[Stored records]
# # #

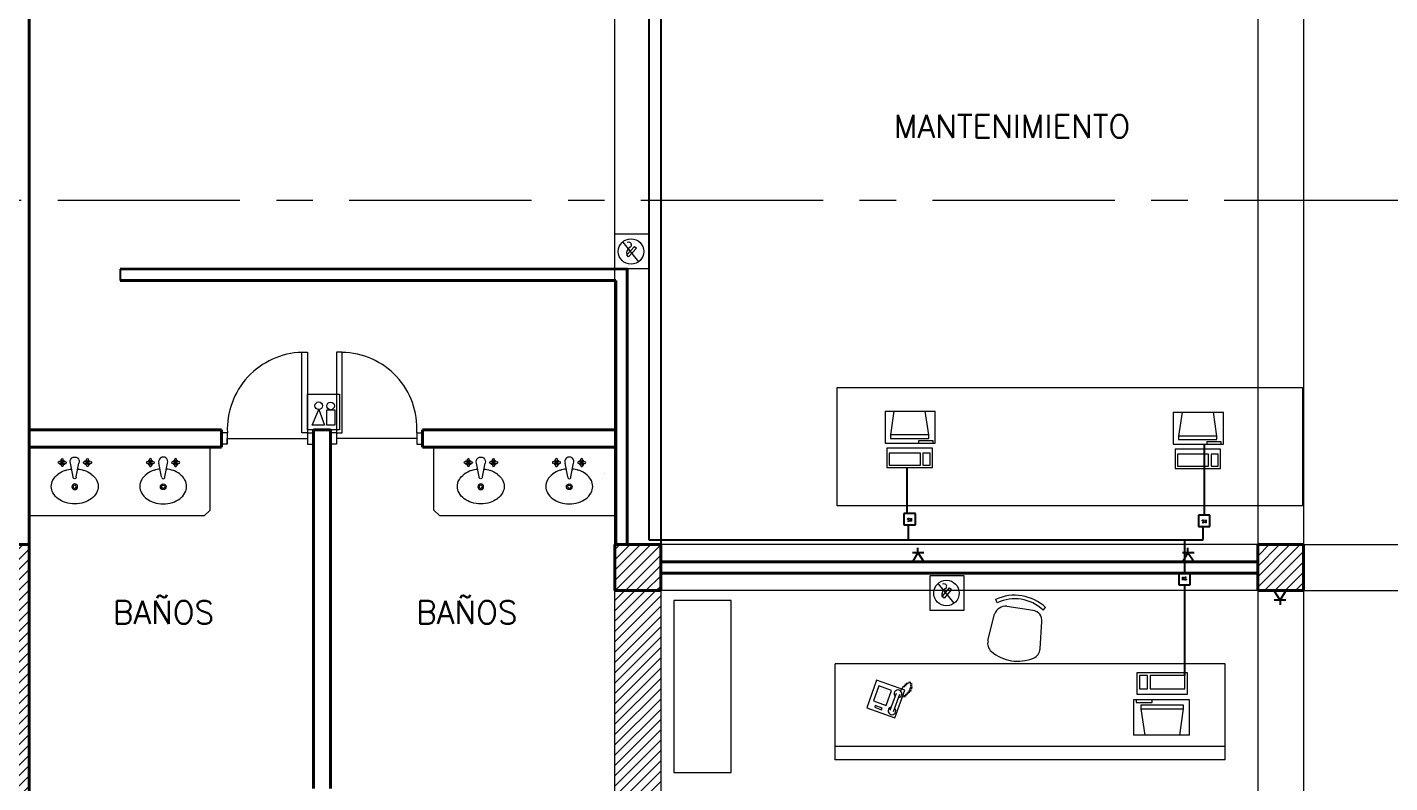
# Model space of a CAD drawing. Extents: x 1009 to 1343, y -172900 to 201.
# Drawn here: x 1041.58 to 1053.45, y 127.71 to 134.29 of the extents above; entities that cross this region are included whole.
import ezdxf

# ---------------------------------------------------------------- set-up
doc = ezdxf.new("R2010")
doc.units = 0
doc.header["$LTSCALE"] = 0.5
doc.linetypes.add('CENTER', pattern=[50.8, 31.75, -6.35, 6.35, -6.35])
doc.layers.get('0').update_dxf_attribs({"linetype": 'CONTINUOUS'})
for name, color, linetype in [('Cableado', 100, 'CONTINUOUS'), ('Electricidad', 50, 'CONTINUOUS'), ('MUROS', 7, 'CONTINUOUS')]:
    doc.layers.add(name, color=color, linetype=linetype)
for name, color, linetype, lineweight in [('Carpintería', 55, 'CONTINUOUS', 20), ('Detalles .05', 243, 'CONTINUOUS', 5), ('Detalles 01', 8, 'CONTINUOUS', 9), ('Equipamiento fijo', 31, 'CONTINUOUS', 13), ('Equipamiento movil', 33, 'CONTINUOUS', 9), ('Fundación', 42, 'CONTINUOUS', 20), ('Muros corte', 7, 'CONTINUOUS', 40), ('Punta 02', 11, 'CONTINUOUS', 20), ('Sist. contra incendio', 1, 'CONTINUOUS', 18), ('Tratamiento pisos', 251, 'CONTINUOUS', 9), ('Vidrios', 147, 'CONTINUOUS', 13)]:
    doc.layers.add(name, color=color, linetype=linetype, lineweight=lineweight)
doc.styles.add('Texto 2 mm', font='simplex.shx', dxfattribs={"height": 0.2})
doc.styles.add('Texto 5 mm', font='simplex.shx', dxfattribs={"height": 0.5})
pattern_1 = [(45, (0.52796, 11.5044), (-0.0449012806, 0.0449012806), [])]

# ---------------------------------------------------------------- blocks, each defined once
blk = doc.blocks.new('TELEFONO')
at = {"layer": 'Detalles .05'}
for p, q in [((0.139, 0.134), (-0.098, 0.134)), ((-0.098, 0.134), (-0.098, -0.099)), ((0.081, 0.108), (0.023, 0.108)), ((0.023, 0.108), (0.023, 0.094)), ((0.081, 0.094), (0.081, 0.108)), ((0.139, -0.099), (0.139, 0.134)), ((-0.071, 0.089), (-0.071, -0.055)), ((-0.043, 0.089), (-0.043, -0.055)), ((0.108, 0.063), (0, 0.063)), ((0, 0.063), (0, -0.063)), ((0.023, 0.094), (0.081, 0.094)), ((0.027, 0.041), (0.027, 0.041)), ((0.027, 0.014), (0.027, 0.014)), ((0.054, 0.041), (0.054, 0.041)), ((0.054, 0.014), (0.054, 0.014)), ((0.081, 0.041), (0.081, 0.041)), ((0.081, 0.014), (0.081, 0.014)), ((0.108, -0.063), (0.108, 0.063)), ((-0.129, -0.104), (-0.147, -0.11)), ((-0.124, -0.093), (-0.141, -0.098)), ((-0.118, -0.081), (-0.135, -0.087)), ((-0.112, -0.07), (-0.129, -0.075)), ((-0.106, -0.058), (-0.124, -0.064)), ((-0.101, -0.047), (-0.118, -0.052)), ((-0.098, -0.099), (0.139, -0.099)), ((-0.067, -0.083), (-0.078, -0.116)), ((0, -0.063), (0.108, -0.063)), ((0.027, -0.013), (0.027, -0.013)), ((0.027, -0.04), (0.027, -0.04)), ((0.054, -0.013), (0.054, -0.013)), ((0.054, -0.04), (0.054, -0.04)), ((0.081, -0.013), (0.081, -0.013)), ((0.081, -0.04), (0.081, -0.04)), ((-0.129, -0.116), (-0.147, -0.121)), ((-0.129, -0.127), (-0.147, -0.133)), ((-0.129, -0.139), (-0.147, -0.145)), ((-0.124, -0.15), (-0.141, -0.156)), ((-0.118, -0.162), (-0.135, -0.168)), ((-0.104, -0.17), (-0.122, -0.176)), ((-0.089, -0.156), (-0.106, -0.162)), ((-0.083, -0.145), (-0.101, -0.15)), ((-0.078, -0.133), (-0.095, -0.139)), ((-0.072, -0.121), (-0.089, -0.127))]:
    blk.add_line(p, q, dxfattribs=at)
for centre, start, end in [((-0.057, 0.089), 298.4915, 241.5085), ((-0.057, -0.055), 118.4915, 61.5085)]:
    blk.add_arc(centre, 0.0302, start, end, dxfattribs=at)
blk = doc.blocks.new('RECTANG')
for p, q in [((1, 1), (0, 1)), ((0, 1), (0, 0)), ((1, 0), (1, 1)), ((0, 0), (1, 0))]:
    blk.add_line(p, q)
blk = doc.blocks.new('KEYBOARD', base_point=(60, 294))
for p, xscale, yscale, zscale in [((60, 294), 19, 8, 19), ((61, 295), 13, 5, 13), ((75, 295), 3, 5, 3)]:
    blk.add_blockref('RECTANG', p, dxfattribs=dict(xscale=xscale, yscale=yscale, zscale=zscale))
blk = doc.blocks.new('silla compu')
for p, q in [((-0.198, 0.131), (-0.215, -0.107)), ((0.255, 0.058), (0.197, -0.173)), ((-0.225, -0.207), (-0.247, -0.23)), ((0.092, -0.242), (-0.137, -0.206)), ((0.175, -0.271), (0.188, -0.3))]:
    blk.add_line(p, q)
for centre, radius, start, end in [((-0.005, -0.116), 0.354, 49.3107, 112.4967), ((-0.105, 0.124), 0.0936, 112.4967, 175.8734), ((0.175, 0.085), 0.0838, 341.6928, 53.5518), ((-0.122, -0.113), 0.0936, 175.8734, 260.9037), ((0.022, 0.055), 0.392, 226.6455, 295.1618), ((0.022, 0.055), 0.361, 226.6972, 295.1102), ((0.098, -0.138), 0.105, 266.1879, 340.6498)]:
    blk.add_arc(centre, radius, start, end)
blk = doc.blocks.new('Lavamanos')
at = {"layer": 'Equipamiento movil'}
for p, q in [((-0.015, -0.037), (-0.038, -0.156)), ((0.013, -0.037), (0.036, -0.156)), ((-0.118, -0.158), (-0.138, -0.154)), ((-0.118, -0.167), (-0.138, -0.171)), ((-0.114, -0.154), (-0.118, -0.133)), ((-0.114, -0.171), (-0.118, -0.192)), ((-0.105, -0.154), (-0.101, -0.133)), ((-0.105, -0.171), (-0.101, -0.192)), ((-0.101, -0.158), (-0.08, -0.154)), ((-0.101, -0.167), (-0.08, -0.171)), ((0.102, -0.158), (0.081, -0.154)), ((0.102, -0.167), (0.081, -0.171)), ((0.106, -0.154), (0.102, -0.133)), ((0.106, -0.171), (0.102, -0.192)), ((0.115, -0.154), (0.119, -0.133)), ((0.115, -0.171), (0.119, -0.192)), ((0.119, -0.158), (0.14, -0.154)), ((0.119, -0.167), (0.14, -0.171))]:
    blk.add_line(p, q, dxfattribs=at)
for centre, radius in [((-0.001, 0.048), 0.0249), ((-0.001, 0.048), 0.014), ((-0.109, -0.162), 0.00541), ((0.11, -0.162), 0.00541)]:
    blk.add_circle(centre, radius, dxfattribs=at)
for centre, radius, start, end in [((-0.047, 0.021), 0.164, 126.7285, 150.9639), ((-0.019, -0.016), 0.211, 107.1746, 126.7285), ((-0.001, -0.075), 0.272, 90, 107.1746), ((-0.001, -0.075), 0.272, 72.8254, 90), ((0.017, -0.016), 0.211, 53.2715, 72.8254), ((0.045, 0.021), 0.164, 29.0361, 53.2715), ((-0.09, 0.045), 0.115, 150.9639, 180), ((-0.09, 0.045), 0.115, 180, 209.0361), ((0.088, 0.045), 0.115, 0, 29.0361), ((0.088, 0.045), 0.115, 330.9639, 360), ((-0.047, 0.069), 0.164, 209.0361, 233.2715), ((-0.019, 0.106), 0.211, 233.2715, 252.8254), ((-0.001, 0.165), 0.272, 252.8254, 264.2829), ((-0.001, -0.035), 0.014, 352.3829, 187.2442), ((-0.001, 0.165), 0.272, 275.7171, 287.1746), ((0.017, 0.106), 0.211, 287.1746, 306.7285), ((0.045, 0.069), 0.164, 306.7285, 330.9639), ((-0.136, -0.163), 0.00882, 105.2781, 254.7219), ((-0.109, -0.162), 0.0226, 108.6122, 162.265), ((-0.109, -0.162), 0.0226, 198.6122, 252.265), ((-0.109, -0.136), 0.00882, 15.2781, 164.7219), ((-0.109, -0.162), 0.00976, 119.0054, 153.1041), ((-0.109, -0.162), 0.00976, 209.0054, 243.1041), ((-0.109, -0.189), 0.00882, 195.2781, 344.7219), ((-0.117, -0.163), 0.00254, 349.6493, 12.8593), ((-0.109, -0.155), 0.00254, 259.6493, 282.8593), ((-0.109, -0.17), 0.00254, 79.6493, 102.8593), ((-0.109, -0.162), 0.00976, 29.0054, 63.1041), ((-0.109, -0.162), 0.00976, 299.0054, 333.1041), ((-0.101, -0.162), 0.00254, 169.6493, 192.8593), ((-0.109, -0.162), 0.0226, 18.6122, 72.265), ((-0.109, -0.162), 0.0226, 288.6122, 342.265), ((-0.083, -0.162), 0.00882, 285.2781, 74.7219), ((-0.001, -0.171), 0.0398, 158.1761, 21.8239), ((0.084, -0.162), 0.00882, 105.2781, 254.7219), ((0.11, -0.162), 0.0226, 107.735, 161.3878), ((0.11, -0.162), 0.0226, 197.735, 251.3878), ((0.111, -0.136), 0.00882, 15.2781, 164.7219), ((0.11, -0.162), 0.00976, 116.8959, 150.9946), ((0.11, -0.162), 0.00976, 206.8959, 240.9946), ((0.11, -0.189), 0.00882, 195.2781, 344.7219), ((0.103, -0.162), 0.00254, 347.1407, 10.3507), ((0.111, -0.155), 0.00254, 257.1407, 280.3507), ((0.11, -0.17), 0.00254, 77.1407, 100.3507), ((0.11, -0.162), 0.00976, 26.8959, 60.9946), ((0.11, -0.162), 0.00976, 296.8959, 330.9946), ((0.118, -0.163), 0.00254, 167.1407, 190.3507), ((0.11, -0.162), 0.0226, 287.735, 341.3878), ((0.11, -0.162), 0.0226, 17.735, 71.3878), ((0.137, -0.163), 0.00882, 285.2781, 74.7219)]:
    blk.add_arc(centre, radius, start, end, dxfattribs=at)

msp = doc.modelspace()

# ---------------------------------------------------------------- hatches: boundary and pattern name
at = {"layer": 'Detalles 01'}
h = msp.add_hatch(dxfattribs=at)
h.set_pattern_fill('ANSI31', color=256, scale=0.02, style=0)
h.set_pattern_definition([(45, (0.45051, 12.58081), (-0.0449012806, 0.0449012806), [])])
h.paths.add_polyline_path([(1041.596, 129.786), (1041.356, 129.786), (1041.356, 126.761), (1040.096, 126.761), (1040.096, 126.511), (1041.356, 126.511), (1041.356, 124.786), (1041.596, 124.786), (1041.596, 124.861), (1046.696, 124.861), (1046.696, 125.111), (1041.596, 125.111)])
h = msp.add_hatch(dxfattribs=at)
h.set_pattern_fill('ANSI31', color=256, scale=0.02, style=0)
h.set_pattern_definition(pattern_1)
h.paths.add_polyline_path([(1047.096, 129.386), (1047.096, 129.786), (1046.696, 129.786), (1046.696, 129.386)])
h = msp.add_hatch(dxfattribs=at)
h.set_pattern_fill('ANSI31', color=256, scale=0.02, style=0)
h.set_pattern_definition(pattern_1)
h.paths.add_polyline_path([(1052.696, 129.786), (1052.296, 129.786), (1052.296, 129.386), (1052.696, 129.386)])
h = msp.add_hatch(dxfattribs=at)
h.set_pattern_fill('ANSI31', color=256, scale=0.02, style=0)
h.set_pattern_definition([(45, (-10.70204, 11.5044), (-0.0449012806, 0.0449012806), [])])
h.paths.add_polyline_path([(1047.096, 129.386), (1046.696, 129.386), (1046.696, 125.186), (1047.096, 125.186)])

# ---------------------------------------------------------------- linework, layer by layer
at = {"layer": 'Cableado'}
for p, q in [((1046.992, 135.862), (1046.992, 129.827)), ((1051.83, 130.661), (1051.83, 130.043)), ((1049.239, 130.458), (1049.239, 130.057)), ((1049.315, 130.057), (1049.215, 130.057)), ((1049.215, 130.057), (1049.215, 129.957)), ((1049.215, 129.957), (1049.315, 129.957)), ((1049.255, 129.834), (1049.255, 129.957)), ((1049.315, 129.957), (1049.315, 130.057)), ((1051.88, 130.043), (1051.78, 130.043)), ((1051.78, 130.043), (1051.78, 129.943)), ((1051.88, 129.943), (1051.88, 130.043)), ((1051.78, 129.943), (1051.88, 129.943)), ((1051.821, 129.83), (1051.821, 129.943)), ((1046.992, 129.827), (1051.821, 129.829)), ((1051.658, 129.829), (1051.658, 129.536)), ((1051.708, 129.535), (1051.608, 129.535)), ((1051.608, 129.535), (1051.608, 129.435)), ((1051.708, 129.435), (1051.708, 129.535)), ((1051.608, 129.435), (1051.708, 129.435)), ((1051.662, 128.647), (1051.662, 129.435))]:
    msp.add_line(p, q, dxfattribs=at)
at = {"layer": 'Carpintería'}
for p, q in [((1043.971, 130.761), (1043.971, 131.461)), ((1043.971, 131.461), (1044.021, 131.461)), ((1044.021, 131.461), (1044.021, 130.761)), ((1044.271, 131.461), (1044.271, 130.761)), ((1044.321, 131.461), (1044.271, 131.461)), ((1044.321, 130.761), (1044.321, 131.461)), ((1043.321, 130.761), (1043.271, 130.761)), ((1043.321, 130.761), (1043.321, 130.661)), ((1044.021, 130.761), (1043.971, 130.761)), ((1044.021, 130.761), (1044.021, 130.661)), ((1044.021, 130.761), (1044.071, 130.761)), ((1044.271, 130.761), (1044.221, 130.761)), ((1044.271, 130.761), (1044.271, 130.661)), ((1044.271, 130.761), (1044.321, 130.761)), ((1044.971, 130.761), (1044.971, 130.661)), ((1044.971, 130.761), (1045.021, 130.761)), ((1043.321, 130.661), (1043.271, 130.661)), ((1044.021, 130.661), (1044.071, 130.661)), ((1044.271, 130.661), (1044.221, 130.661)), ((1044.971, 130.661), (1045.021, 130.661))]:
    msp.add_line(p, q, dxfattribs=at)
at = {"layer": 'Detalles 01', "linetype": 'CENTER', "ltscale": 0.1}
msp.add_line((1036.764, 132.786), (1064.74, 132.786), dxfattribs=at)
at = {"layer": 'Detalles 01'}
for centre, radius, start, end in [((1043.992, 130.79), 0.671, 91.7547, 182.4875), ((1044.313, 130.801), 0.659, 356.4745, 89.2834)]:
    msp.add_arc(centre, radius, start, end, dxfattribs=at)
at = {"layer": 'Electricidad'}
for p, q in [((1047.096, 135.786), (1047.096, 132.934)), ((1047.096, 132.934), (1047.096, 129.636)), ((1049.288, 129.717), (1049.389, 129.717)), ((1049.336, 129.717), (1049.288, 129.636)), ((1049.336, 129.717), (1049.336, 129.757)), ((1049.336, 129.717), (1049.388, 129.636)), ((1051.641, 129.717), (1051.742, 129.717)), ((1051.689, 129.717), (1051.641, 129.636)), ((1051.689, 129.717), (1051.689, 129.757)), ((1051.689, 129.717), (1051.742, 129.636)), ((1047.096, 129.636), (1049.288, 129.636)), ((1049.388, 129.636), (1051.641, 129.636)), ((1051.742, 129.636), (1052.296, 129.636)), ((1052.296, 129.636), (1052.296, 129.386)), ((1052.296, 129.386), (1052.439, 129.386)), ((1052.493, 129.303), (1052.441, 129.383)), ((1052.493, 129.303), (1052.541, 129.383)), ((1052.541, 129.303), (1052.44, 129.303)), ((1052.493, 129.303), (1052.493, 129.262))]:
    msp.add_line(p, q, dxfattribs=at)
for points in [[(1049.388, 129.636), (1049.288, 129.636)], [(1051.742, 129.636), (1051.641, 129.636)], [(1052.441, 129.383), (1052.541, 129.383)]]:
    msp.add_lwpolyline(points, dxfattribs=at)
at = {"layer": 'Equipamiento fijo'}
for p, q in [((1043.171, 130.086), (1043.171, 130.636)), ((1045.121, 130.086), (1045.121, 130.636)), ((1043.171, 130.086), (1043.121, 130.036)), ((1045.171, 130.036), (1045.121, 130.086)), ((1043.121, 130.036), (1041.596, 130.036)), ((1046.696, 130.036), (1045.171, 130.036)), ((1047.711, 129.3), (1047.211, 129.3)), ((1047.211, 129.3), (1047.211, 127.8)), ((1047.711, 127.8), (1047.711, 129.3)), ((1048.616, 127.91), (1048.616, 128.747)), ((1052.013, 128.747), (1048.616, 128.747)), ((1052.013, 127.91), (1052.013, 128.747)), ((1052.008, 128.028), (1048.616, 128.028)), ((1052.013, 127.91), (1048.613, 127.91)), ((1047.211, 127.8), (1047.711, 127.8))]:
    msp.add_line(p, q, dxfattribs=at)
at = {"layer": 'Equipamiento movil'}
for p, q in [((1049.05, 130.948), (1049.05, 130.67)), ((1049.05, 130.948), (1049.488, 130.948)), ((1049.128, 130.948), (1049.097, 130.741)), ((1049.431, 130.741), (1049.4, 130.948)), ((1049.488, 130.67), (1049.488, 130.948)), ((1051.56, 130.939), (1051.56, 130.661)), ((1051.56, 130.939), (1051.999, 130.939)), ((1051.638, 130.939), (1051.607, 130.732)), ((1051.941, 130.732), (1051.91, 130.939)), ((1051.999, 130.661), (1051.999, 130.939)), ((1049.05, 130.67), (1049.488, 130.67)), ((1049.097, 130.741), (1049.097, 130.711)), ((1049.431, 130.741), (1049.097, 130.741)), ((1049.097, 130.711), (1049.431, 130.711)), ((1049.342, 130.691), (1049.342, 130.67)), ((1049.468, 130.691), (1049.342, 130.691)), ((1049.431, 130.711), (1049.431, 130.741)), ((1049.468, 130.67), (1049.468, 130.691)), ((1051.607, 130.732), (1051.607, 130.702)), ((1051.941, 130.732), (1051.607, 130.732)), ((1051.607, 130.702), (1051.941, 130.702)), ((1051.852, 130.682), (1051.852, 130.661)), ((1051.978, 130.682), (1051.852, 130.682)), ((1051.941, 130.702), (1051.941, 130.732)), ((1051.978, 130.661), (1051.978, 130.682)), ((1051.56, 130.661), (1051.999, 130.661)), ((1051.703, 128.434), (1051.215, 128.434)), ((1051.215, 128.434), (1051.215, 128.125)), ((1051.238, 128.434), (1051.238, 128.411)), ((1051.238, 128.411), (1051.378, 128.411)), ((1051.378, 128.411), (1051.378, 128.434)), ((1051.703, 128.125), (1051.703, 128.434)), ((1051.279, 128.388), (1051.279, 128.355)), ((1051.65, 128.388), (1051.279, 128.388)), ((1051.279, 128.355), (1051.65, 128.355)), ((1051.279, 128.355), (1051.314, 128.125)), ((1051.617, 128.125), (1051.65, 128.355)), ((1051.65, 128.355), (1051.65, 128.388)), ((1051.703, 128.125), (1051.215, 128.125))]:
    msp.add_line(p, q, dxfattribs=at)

# # #

-- WHAT YOU WILL DO --
Your answer should consist of each line above in which "height" appears.

-- ANSWER BELOW --
doc.styles.add('Texto 2 mm', font='simplex.shx', dxfattribs={"height": 0.2})
doc.styles.add('Texto 5 mm', font='simplex.shx', dxfattribs={"height": 0.5})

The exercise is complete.